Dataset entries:
<<<<
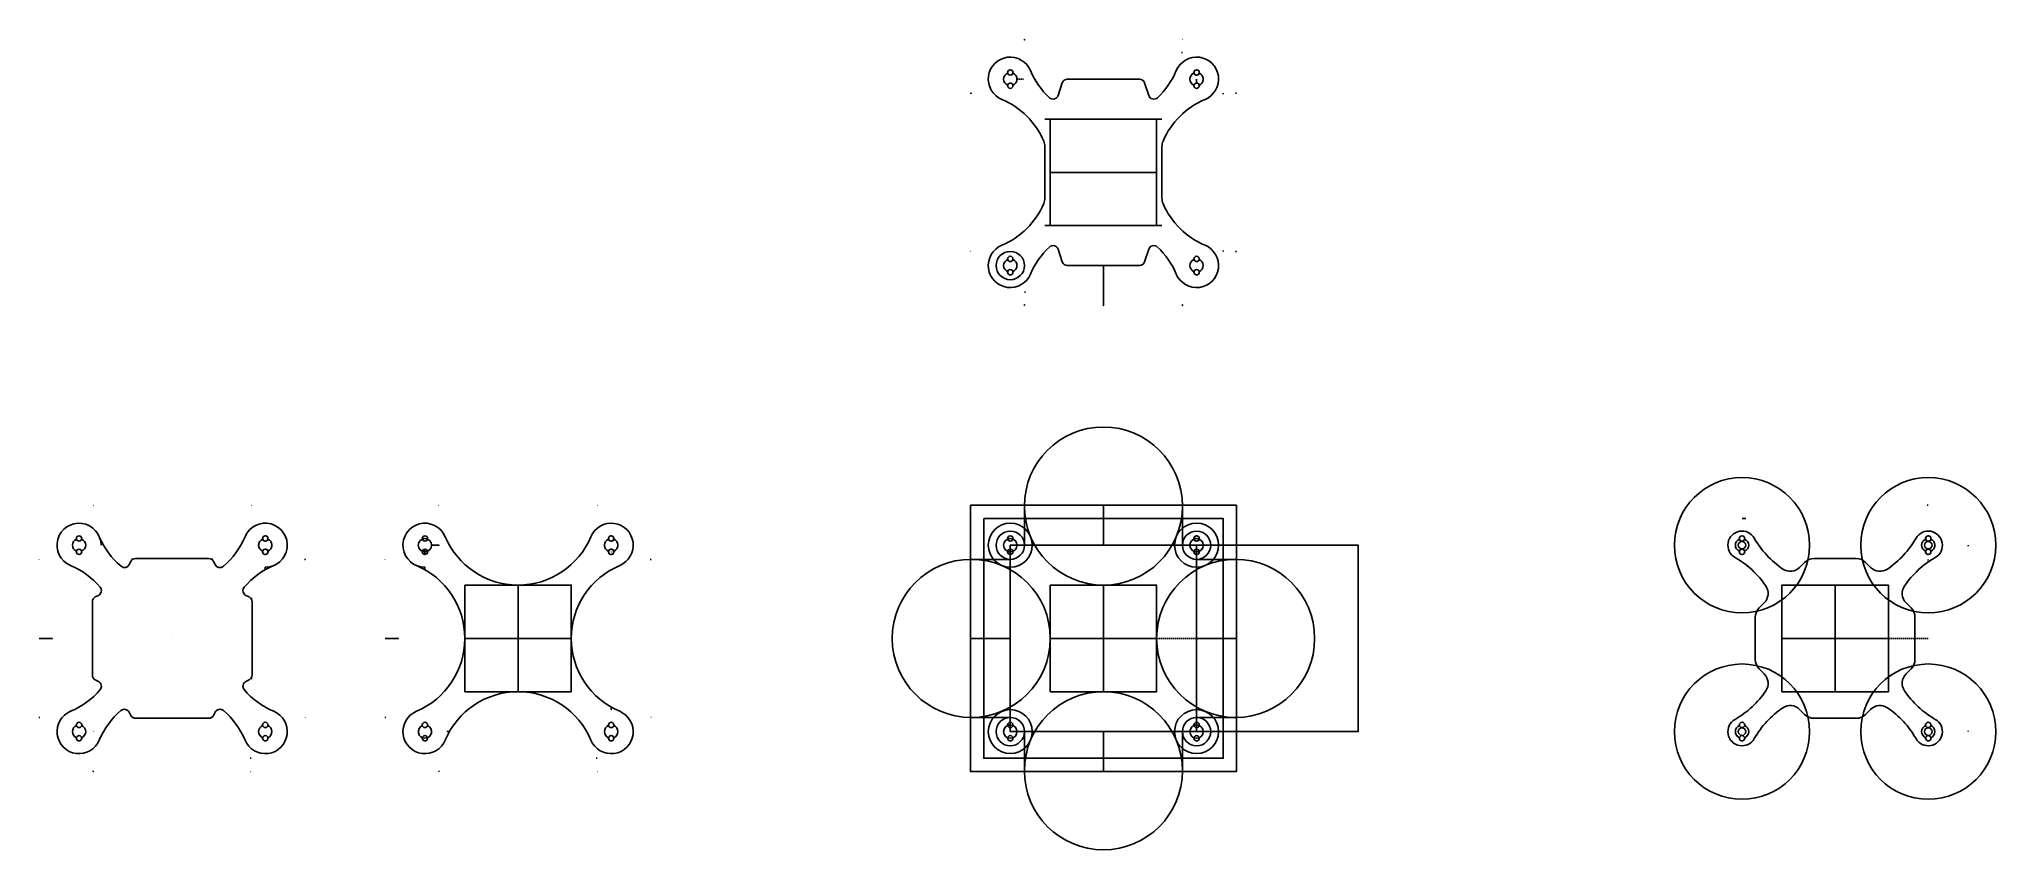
# Model space of a CAD drawing. Header units: millimetres. Extents: x -300 to 435, y -29 to 275.
import ezdxf

# ---------------------------------------------------------------- set-up
doc = ezdxf.new("R2010")
doc.units = ezdxf.units.MM
doc.linetypes.add('DASHED', pattern=[0.75, 0.5, -0.25])
doc.layers.get('0').update_dxf_attribs({"linetype": 'CONTINUOUS'})

msp = doc.modelspace()

# ---------------------------------------------------------------- linework, layer by layer
for p, q in [((70.31128874149275, 275), (70.31292073122664, 275)), ((129.3161314454237, 270), (129.68871125850725, 270)), ((82.95396541776353, 253.86189318221213), (84.54415260910537, 258.6324554493352)), ((86.44151923277255, 260), (100.00000072643178, 260)), ((86.44151923277255, 260), (100, 260)), ((115.45584977841871, 258.6324553369502), (117.04603609586741, 253.86189474960577)), ((132.49999795109002, 260), (132.49999795109002, 260)), ((135, 260), (134.99999999999997, 258.5000005268612)), ((134.99999999999997, 258.5000005268612), (135, 260)), ((50, 254.6870792535391), (50, 254.68871125850725)), ((145, 254.68871125850725), (145, 254.3161314454237)), ((150, 254.68871125850725), (150, 254.6870792687734)), ((80.00000145286347, 245.0000005239177), (78.00000116229057, 245.0000005239177)), ((80.00000145286347, 205.00000305473804), (80.00000145286347, 245.0000005239177)), ((120.00000145286347, 245.0000005239177), (122.00000181794167, 245.0000005239177)), ((120.00000145286347, 205.00000305473804), (120.00000145286347, 245.0000005239177)), ((78.00000116229057, 234.7342107137393), (78.00000116229057, 215.2657892862606)), ((122.00000181794167, 234.73421427376306), (122.00000181794167, 215.26578572623694)), ((78.00000116229057, 205.00000305473804), (80.00000145286347, 205.00000305473804)), ((122.00000181794167, 205.00000305473804), (120.00000145286347, 205.00000305473804)), ((82.95396541776353, 196.13810681778787), (84.54415260910537, 191.36754455066477)), ((115.45584977841871, 191.36754466304978), (117.04603609586741, 196.13810525039423)), ((145, 195.68386855457624), (145, 195.31128874149275)), ((150, 195.3129207312266), (150, 195.31128874149275)), ((113.55848311728991, 189.99999999999997), (86.44151923277255, 190)), ((70.68386855457625, 179.99999999999997), (70.31129018669957, 179.99999999999997)), ((70.31292218409007, 175), (70.31129018669957, 175)), ((129.6887112661639, 175), (129.688711266164, 175.3112894679245)), ((409.6410161513776, 100), (410, 100)), ((340, 95), (341.45898033750314, 95)), ((410, 88.5), (410, 88.5)), ((-275.80056824154394, 84.99999979330381), (-275.800413519074, 84.99999979330381)), ((135, 85), (65, 85)), ((65, 85), (135, 85)), ((65, 15), (65, 85)), ((65, 85), (135, 85)), ((410, 86.5), (410, 86.5)), ((425, 85), (425, 84.64101615137753)), ((-266.1471776665495, 77.6989586553542), (-265.5494483710222, 78.89442351461756)), ((-264.99666298905845, 80.00000007544023), (-264.99666298905845, 79.572300552336)), ((-249.99666298905848, 80.00000007544023), (-263.76059211311593, 80.00000007544023)), ((-236.23275024911834, 80.00000007544024), (-249.99666298905848, 80.00000007544023)), ((-234.99666298905848, 79.57228767175256), (-234.99666298905848, 80.00000007544024)), ((-234.4438833874114, 78.89440230659059), (-233.85041489810388, 77.70742392369445)), ((-214.99978880453716, 75.79677556590627), (-214.99978880453716, 76.72891980594747)), ((-200.00000011065768, 79.68871105598265), (-200.00000011065768, 79.68714725453897)), ((-154.99999999999997, 75.80041434621926), (-154.99999999999997, 76.73138998268752)), ((-70.31128874149275, 79.68871125850725), (-70, 79.68871125850724)), ((365.0000000049664, 80.00000117501759), (365.00000000496647, 79.55089970131569)), ((385.0000057349017, 79.55089978050923), (385.0000057349016, 80.00000117501754)), ((-119.99999927356822, 70), (-119.99999927356822, 30)), ((100.00000072643178, 70), (100.00000072643178, 30)), ((365, 70.0000000000716), (385.00000573694706, 70.0000000000716)), ((-279.9999949833389, 49.999523220832565), (-279.99999498333887, 63.76393276824929)), ((-278.8944222843381, 65.55278709524954), (-277.7017707368817, 66.14911296064997)), ((-221.0988883453882, 65.5528741294565), (-222.2915443799825, 66.1492150297627)), ((-219.99333099477815, 65.00008351197806), (-220.42101885091486, 65.00008351197806)), ((-219.9933309947781, 49.999523220832685), (-219.99333099477806, 63.764027476735166)), ((355, 40), (355, 59.999999999999986)), ((395.0000058866682, 40.00000000011384), (395.0000058866683, 60.000000522347314)), ((-279.9999949833391, 36.236066196184), (-279.9999949833389, 49.999523220832565)), ((-219.9933309947782, 36.23671055984528), (-219.9933309947781, 49.999523220832685)), ((-139.99999854713653, 50), (-100, 50)), ((80.00000145286347, 50), (120, 50)), ((-278.8944224837709, 34.44721196890014), (-277.7017699020326, 33.8508854201531)), ((-221.09891599159693, 34.447850083988044), (-222.29185319791895, 33.85139164042159)), ((-220.42103564140493, 35.00063316673386), (-219.99333099477826, 35.00063316673386)), ((365.00000543892384, 30.000000447034836), (385.00000573694706, 30.000000447034836)), ((-266.14957558518233, 22.297529115674717), (-265.55308614328504, 21.10455980223537)), ((-234.44924539062066, 21.104693932329404), (-233.85283272656517, 22.297531914913865)), ((-85, 24.199586480925987), (-85, 23.26861001731249)), ((-299.68870953308385, 20.311287323127583), (-300.0000000021207, 20.311287323127477)), ((-249.99666298905845, 19.999046366225173), (-263.76422684026664, 19.998992733525686)), ((-236.23809380456632, 19.999113532353384), (-249.99666298905845, 19.999046366225173)), ((-214.9997888045374, 14.999999793305662), (-214.99978880453742, 15.000197645396)), ((-169.6887098056439, 20.31128874149257), (-170, 20.311288741492575)), ((-146.73138875434077, 15), (-145.80041237030503, 15)), ((365.0000054406098, 20.000000299980698), (365.0000054406098, 20.449101694349242)), ((425, 15.358983848622456), (425, 15)), ((-279.6870753230618, 4.176648144228347e-06), (-279.68870984294495, 4.1766481442283475e-06)), ((-220.31128874149275, 5), (-220.68386844762574, 5)), ((-149.68870980564378, 0), (-149.6887098056438, 0.31128946792447154)), ((-90.31128874149275, 5), (-90.68386844762577, 5))]:
    msp.add_line(p, q)
at = {"linetype": 'DASHED'}
for p, q in [((67.50000029057273, 260), (70.00000000000001, 260)), ((134.99999999999997, 258.5000005268612), (135, 260)), ((86.44151923277255, 190), (113.55848311728991, 189.99999999999997)), ((-155, 83.49999970942734), (-155, 81.49999970942736)), ((-152.49999970942727, 85), (-150, 85)), ((-85.00000000000003, 82.5000005268612), (-85.00000000000003, 82.5000005268612)), ((65, 85), (65, 15)), ((65, 85), (70.00000000000001, 85)), ((135, 50), (135, 85)), ((-214.99978880453716, 75.79677556590627), (-214.99978880453716, 76.72891980594747)), ((-154.99999999999997, 76.73138998268752), (-154.99999999999997, 75.80041434621926)), ((410.00000001455334, 78.72281317085898), (410.0000000145609, 79.68871125850724)), ((-250, 49.999523220832685), (-249.99666298905845, 49.999523220832685)), ((-120, 50), (-100, 50)), ((100, 50), (135, 50)), ((135, 15), (135, 50)), ((375, 49.99999999992851), (410, 49.99999999965561)), ((-85, 23.26861001731249), (-85, 24.199586480925987)), ((65, 15), (135, 15))]:
    msp.add_line(p, q, dxfattribs=at)
for points in [[(70.31292073122664, 275), (70.31128874149275, 275), (70.31128874149277, 274.6887112585073, -0.0026213259626064896)], [(50, 254.68871125850725), (50.00000000000028, 254.6870792535391, -0.0026213381975007245), (50.31129019435612, 254.68871125850725)], [(150, 254.68871125850725), (150, 254.6870792687734, 0.002621325962606532), (149.68871125850725, 254.68871125850725)], [(79.68828655817865, 196.96432255314022, 0.10538670026455263), (72.62438879074477, 186.80021654528616, -0.1053866996186907)], [(127.37561184829192, 186.8002161119079, 0.10538668635715694), (120.31171515684971, 196.96432104835907, -0.10538668994624299)], [(150, 195.31128874149275), (149.99999999999997, 195.31292073122657, -0.0026213259626064896), (149.68871125850725, 195.31128874149272)], [(70.31292218409007, 175), (70.31129018669957, 175), (70.31129018669957, 175.32055225347662, 0.0026993319835903716)], [(129.6870792687734, 175), (129.6887112661639, 175), (129.6870792687734, 175, 0.0026213321435224275), (129.68871125850725, 175.31128946792467, -0.0026213320797205935)], [(405.38850997538566, 12.364862843077542, 1.3092503865873661), (412.63513715557417, 19.61149002225485, -0.11405171632667013), (401.0620894472554, 30.312508215845458, -0.36016428110169907), (401.6605418029568, 36.66053998507918), (403.53553486910516, 38.53553407100729, 0.19891229670418642), (405.00000000171167, 42.07106701547906), (405.00000000171167, 57.92893364882033, 0.19891228411850695), (403.53553504031925, 61.46446642207796), (401.6605420127461, 63.339460651030215, -0.360164273321294), (401.0620898869795, 69.68749233536143, -0.11405171115927244), (412.63513718719827, 80.38850992240302, 1.309250376778049), (405.3885100372335, 87.6351371215809, -0.11405168523451803), (394.6874953742267, 76.06209180254166, -0.3601643926545714), (388.33946213497086, 76.66054477429387), (386.46447182902847, 78.53553508060378, 0.19891236740512538), (382.9289379227492, 80.00000117501756), (367.0710679911363, 80.00000117501756, 0.19891238284612892), (363.53553387479957, 78.53553487054617), (361.6605417197986, 76.66054249237891, -0.36016436794696044), (355.31250887775, 76.06208889742521, -0.11405172247218064), (344.6114899565703, 87.6351371180402, 1.3092503690698476), (337.3648628424893, 80.38850997435608, -0.11405172731413572), (348.9379114110343, 69.68749052487732, -0.36016434572146944), (348.3394579725336, 63.33945797253354), (346.46446609406735, 61.464466094067134, 0.19891236737966392), (345.00000000000006, 57.928932188134354), (345.00000000000006, 42.0710686520217, 0.1989124419288445), (346.4644671082258, 38.53553373193081), (348.33945773405725, 36.660544181771016, -0.3601644137533586), (348.9379123159967, 30.31251080529347, -0.11405173895520872), (337.3648628424892, 19.611490025643924, 1.3092503562027689), (344.61149012466905, 12.364862785903403, -0.11405176226780914), (355.3125135392583, 23.93791404487424, -0.36016430679235595), (361.66054552179185, 23.33946021875251), (363.53553934654684, 21.464466394023486, 0.19891236737785573), (367.071073252455, 20.000000299980734), (382.92893792588916, 20.00000029998073, 0.19891236738145882), (386.46447183184654, 21.46446639407259), (388.33946120965237, 23.339455771904415, -0.3601643825781213), (394.6874943014711, 23.93790884342205, -0.11405169427154606)], [(-200.3112860055934, 79.68871105598265), (-200.00000011065768, 79.68871105598265), (-200.00000011065768, 79.68714725453897, 0.002621361569406077)], [(-279.688709842945, 14.999799522216605), (-279.6887098429452, 15.000197645411282, -1.87394817996187e-05)], [(-279.688709842945, 0.31152786259102977, 0.002623409884721332), (-279.6870753230618, 4.176648144228347e-06), (-279.68870984294495, 4.1766481442283475e-06)]]:
    msp.add_lwpolyline(points, format="xyb", close=True)
for points in [[(129.68707926877335, 275), (129.68871125850725, 275)], [(100, 260), (113.55848311728991, 260.00000000000006), (86.44151923277255, 260), (113.55848311728991, 260.00000000000006), (86.44151923277255, 260), (113.55848311728991, 260.00000000000006)], [(132.49999795109002, 260), (132.49999895109002, 260)], [(80.00000145286347, 225.0000005239177), (120.00000145286347, 225.0000005239177), (80.00000145286347, 225.0000005239177), (80.00000145286347, 205.0000005239177), (120.00000145286347, 205.0000005239177), (120.00000145286347, 225.0000005239177), (120.00000145286347, 245.0000005239177), (80.00000145286347, 245.0000005239177)], [(50, 195.31128874149258), (50, 195.31292074646075)], [(100, 190), (100, 175), (100, 190), (113.55848311728991, 189.99999999999997), (86.44151923277255, 190)], [(-279.6887112585073, 100), (-279.68707926877335, 100)], [(-220.31292073122657, 100), (-220.31128874149275, 100)], [(-149.6870792687734, 100), (-149.68871125850725, 100)], [(-90.3129207312266, 100), (-90.31128874149275, 100)], [(50, 100), (150, 100), (150, 0), (50, 0)], [(129.68871125850725, 85), (100, 85), (100, 100), (100, 85), (70.31128874149275, 85), (70.31128874149275, 100), (100, 100), (129.68871125850725, 100)], [(55, 95), (145, 95), (145, 5), (55, 5)], [(-275.80056824154394, 84.99999979330381), (-275.800413519074, 84.99999979330381)], [(-275.80056824154394, 84.99999979330381), (-275.800413519074, 84.99999979330381)], [(-155, 81.49999970942736), (-155, 83.49999970942734)], [(-149.68871125850725, 85), (-152.49999970942727, 85)], [(-152.49999970942727, 85), (-149.68871125850725, 85)], [(-85.00000000000003, 82.5000005268612), (-84.99999900000005, 82.5000005268612)], [(65, 85), (135, 85), (135, 15), (65, 15)], [(135, 85), (195.7848566869993, 85), (195.7848566869993, 15), (135, 15)], [(-300.0000000021207, 79.68871125850725), (-300.0000000021207, 79.68707925353912)], [(-214.99978880453716, 75.79677556590627), (-214.99978880453716, 76.72891980594747)], [(-170, 79.68871125850725), (-170, 79.68707925353912)], [(-154.99999999999997, 75.80041434621926), (-154.99999999999997, 76.73138998268752)], [(-70, 79.68871125850724), (-70, 79.6870792687734)], [(65, 20.311288741492575), (50, 20.311288741492575), (50, 50), (65, 50), (65, 79.68871125850725), (50, 79.68871125850725), (50, 50), (65, 50)], [(135, 79.68871125850724), (150, 79.68871125850724), (150, 50), (135, 50), (135, 20.311288741492746), (150, 20.311288741492746), (150, 50), (135, 50)], [(-139.99999854713653, 70), (-100, 70), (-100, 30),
>>>>
Exercise details: Only the lines above from the line with "msp.add_line(p, q)" to the line with "msp.add_line(p, q, dxfattribs=at)", those two lines included, should be reproduced exactly.

Exercise answer:
    msp.add_line(p, q)
at = {"linetype": 'DASHED'}
for p, q in [((67.50000029057273, 260), (70.00000000000001, 260)), ((134.99999999999997, 258.5000005268612), (135, 260)), ((86.44151923277255, 190), (113.55848311728991, 189.99999999999997)), ((-155, 83.49999970942734), (-155, 81.49999970942736)), ((-152.49999970942727, 85), (-150, 85)), ((-85.00000000000003, 82.5000005268612), (-85.00000000000003, 82.5000005268612)), ((65, 85), (65, 15)), ((65, 85), (70.00000000000001, 85)), ((135, 50), (135, 85)), ((-214.99978880453716, 75.79677556590627), (-214.99978880453716, 76.72891980594747)), ((-154.99999999999997, 76.73138998268752), (-154.99999999999997, 75.80041434621926)), ((410.00000001455334, 78.72281317085898), (410.0000000145609, 79.68871125850724)), ((-250, 49.999523220832685), (-249.99666298905845, 49.999523220832685)), ((-120, 50), (-100, 50)), ((100, 50), (135, 50)), ((135, 15), (135, 50)), ((375, 49.99999999992851), (410, 49.99999999965561)), ((-85, 23.26861001731249), (-85, 24.199586480925987)), ((65, 15), (135, 15))]:
    msp.add_line(p, q, dxfattribs=at)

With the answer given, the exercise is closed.